EX-5.1 4 a2238777zex-5_1.htm EX-5.1

Exhibit 5.1

 

2001 M Street NW, Suite 500

 

Washington, DC  20036

 

T (202) 349-8000

 

May 10, 2019

 

Board of Directors

Delmar Bancorp

2245 Northwood Drive

Salisbury, Maryland 21801

 

RE:                                     Delmar Bancorp

Registration Statement on Form S-4

 

Ladies and Gentlemen:

 

We have acted as counsel to Delmar Bancorp (the “Company”) with respect to the Company’s Registration Statement on Form S-4, as amended (the “Registration Statement”) filed with the Securities and Exchange Commission (the “Commission”) pursuant to the Securities Act of 1933, as amended (the “Act”), relating to the issuance of up to 8,180,264 shares (the “Shares”) of the Company’s common stock, par value $0.01 per share (the “Common Stock”) in connection with the proposed share exchange (the “Share Exchange “) with Virginia Partners Bank (“Partners”), pursuant to the Agreement and Plan of Share Exchange and related Plan of Share Exchange, dated as of December 13, 2018, by and between the Company, and Partners (the “Agreement”).

 

In rendering this opinion, we have limited our examination to the legal and factual matters we have deemed advisable, including examination of the Registration Statement in the form filed with the Commission, the Company’s Articles of Incorporation and bylaws, each as amended to date; and such other corporate documents, records, information and certificates of the Company, certificates of public officials or government authorities and other documents as we have deemed necessary or appropriate as a basis for the opinions hereinafter expressed.  As to certain facts material to our opinions, we have relied upon statements, certificates or representations of officers and other representatives of the Company.
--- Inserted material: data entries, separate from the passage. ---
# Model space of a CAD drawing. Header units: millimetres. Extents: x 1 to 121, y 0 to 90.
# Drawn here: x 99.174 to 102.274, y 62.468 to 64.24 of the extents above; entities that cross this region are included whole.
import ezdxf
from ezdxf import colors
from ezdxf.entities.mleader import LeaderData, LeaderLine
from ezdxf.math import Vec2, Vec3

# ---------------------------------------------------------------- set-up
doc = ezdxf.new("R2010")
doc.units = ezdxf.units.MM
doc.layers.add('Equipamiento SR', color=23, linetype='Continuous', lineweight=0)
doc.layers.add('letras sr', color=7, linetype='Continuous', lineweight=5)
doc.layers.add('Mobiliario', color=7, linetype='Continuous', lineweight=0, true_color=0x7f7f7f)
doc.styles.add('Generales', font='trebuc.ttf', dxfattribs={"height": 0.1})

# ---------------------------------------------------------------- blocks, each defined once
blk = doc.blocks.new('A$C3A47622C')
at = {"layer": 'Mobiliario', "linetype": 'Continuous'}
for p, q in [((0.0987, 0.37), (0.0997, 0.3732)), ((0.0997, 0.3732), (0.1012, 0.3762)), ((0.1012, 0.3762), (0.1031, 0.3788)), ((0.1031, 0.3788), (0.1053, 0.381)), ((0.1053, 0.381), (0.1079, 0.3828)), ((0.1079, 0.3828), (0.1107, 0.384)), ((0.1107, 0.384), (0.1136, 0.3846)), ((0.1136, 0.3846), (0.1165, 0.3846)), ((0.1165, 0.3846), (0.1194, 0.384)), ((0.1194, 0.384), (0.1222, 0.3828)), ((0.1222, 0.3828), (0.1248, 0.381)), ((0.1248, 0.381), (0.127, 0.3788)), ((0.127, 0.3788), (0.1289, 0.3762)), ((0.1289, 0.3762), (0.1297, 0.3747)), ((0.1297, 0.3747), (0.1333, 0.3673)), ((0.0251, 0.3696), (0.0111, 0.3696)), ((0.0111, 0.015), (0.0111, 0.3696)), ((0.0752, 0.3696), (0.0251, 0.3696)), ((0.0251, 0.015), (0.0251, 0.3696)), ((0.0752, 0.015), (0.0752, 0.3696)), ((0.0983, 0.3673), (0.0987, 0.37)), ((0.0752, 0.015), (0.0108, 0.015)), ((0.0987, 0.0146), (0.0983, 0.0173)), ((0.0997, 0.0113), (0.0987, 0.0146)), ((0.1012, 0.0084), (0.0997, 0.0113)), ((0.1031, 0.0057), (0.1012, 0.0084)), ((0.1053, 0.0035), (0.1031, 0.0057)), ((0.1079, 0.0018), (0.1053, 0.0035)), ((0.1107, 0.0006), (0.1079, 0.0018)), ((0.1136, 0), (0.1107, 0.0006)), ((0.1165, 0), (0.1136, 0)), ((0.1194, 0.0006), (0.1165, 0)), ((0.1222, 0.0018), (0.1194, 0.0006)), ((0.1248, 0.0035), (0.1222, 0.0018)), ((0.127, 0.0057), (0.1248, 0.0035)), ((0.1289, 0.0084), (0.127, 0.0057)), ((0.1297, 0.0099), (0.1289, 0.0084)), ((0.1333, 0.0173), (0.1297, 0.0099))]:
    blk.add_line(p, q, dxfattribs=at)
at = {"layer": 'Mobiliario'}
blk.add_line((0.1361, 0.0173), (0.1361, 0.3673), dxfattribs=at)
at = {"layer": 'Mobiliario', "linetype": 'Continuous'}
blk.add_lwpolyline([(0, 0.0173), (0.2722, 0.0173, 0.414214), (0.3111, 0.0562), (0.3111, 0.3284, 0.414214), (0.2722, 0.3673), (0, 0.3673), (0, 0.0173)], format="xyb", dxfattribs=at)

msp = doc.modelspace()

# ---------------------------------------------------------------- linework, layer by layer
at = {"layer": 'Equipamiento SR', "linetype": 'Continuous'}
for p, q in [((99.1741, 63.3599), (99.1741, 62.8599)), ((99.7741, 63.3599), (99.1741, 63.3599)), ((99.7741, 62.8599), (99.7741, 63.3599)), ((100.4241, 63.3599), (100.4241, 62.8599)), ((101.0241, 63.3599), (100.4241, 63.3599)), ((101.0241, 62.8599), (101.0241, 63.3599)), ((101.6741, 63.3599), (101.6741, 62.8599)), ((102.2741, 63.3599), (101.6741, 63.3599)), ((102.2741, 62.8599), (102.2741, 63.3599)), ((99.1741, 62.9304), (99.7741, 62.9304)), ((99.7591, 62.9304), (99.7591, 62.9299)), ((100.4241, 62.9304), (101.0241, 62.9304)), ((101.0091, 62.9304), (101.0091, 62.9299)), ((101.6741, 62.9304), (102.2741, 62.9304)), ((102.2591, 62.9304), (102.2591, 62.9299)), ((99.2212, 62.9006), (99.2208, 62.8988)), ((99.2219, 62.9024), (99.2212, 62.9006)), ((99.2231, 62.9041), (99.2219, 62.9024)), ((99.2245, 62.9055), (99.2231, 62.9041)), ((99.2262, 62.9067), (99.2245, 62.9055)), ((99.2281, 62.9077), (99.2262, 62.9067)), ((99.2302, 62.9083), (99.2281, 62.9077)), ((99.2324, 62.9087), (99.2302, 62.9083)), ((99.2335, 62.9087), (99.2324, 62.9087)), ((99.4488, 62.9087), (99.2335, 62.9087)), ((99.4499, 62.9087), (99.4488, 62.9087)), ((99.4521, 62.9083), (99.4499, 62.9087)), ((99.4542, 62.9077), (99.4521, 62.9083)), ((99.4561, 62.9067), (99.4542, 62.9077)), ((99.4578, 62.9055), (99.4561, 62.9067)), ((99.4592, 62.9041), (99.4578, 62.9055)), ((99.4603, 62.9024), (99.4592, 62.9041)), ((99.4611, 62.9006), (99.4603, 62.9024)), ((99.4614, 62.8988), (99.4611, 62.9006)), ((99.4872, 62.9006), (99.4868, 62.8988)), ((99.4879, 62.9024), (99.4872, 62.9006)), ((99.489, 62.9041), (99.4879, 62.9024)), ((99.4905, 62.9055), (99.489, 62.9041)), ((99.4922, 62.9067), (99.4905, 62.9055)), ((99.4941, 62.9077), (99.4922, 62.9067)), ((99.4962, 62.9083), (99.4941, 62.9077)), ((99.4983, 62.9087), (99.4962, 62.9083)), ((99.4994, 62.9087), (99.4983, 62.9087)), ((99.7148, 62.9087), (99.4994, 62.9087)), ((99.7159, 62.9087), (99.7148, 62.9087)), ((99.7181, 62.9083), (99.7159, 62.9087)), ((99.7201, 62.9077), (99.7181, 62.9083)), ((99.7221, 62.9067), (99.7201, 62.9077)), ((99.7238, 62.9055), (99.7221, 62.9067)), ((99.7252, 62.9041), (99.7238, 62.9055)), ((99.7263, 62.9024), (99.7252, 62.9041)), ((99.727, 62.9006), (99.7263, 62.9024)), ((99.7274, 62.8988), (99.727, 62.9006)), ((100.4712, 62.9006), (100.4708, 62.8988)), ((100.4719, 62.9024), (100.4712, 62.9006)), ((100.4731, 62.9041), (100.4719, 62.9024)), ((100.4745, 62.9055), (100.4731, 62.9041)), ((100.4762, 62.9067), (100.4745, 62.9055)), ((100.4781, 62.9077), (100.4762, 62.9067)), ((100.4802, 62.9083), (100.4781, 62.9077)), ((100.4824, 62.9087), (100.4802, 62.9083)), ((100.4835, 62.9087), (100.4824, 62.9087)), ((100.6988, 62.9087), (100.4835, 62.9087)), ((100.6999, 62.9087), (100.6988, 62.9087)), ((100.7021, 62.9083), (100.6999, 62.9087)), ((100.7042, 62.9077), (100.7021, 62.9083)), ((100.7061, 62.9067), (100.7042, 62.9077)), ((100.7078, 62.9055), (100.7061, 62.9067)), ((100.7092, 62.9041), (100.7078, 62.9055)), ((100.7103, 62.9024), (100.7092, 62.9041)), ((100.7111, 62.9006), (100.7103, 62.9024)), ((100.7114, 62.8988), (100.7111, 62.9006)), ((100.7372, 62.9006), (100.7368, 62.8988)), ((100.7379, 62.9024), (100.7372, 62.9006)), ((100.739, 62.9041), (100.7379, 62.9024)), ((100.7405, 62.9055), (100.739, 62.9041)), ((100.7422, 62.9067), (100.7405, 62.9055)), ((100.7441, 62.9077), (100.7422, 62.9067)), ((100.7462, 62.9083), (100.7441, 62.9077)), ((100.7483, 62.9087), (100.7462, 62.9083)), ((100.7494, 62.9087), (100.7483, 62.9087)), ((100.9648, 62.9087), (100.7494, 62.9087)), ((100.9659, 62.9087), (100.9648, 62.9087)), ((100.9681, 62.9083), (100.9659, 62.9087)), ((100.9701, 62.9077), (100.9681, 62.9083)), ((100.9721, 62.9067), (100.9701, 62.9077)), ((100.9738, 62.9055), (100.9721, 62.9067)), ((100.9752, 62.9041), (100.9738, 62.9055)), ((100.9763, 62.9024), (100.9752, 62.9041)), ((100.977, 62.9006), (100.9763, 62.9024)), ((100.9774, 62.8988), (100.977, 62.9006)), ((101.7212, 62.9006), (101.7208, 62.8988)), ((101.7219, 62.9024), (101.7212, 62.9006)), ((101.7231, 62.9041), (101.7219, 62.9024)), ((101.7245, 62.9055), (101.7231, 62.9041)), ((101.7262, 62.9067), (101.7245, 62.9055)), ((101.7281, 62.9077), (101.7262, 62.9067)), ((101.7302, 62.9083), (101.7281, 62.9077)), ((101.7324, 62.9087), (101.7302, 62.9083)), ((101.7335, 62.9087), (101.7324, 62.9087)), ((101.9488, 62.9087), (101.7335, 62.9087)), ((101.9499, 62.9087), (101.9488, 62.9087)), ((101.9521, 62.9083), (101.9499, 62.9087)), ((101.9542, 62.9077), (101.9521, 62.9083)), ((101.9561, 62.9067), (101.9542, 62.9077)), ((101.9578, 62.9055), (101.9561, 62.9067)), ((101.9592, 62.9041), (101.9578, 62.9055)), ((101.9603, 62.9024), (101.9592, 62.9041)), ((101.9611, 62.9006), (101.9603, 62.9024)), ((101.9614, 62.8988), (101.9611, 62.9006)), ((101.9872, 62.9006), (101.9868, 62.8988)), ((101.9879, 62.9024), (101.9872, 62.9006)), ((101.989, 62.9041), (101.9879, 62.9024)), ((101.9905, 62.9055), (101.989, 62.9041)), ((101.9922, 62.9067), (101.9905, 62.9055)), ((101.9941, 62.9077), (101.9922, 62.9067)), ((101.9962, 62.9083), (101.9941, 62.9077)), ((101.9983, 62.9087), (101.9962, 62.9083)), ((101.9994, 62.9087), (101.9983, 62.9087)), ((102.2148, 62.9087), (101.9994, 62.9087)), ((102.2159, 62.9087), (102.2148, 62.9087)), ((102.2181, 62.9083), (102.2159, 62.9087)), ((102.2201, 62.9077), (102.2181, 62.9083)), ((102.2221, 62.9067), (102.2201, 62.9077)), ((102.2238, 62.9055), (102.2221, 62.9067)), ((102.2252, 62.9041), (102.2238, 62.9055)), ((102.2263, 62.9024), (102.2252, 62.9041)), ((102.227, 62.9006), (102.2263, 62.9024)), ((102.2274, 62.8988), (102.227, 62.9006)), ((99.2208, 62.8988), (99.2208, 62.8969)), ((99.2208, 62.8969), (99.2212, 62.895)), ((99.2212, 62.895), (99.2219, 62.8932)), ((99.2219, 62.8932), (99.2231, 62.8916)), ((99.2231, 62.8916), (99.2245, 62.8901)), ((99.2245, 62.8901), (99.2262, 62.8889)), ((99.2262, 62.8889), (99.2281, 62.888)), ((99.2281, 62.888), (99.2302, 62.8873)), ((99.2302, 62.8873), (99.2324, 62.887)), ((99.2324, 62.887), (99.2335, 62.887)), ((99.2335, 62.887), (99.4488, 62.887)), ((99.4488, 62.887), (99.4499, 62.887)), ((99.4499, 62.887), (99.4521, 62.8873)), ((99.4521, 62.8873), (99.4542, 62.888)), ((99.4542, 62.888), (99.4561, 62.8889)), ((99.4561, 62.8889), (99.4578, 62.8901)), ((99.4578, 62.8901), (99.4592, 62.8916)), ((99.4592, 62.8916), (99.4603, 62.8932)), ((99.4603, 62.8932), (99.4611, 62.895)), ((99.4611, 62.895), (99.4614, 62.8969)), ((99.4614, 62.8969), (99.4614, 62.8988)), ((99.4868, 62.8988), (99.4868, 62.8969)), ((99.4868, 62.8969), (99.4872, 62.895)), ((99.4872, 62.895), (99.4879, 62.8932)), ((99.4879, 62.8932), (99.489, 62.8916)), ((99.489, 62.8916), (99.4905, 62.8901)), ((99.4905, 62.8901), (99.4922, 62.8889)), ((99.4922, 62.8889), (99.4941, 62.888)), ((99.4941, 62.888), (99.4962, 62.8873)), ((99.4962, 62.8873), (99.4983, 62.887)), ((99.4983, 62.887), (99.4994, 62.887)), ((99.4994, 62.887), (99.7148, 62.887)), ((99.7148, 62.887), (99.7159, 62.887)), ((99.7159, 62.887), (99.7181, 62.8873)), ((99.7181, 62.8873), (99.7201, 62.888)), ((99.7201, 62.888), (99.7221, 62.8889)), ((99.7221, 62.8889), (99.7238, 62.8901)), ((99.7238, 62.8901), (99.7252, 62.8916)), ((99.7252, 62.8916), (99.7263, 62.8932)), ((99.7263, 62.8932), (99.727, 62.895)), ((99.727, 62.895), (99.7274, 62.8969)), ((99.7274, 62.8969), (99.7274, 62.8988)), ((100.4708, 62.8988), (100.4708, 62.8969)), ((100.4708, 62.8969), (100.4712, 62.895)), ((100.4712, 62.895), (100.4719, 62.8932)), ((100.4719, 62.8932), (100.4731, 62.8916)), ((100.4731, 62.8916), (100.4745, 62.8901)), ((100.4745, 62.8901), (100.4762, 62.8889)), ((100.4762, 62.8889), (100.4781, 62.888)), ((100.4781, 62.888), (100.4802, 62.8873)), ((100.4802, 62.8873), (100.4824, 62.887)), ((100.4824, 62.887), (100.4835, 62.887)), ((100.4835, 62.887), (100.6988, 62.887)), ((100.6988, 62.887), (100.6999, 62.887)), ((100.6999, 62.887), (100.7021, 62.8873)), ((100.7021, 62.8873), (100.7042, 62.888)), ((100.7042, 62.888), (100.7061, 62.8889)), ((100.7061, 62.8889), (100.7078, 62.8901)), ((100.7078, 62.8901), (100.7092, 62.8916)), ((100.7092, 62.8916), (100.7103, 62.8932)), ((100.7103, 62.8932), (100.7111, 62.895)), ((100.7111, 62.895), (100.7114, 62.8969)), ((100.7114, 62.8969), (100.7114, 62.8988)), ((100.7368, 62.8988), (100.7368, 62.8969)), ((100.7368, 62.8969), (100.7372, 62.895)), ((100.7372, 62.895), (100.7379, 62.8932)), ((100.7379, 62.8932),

We have assumed the genuineness of all signatures, the authenticity of all documents and records submitted to us as originals, the conformity to original documents and records of all documents and records submitted to us as copies, and the truthfulness of all statements of fact contained therein.  We have assumed the due authorization of such documents by all parties other than the Company and any subsidiary of the Company which is wholly owned (directly or indirectly) by the Company, the taking of all requisite action respecting such documents, the due execution and delivery of such documents by each other party, the legal capacity of all natural persons, and that all agreements are the valid and binding agreements of all parties to such agreements other than the Company and such wholly owned subsidiaries, enforceable against such other parties in accordance with the terms thereof.

 

Based upon such examinations, and assuming (i) that the conditions to closing the Share Exchange are satisfied or waived including, without limitation, that the requisite affirmative vote of Partners shareholders approving the Agreement and the Share Exchange has been obtained, (ii) the receipt of required regulatory approvals, (iii) the proper filing of Articles of Share Exchange with the Maryland Department of Assessments and Taxation and the Virginia State Corporation Commission, and (iv) that the Registration Statement has been declared effective by the Commission, and subject to the other limitations, qualifications and assumptions contained herein,

 

 


 

we are of the opinion that, when issued by the Company and delivered against receipt of shares of Partners common stock in the manner contemplated by the Registration Statement and in accordance with the provisions of the Agreement, the Shares will be validly issued, fully paid and non-assessable shares of the Common Stock of the Company.

 

The opinions expressed herein are rendered as of the date hereof, are limited to the corporate laws of the State of Maryland, and we express no opinion on the laws of any other jurisdiction.

 

We hereby consent to the inclusion of this opinion as an exhibit to the Registration Statement and to the reference to our Firm contained in the Registration Statement. In giving this consent, we do not thereby admit that we are within the category of persons whose consent is required by the Act or by the rules and regulations promulgated thereunder.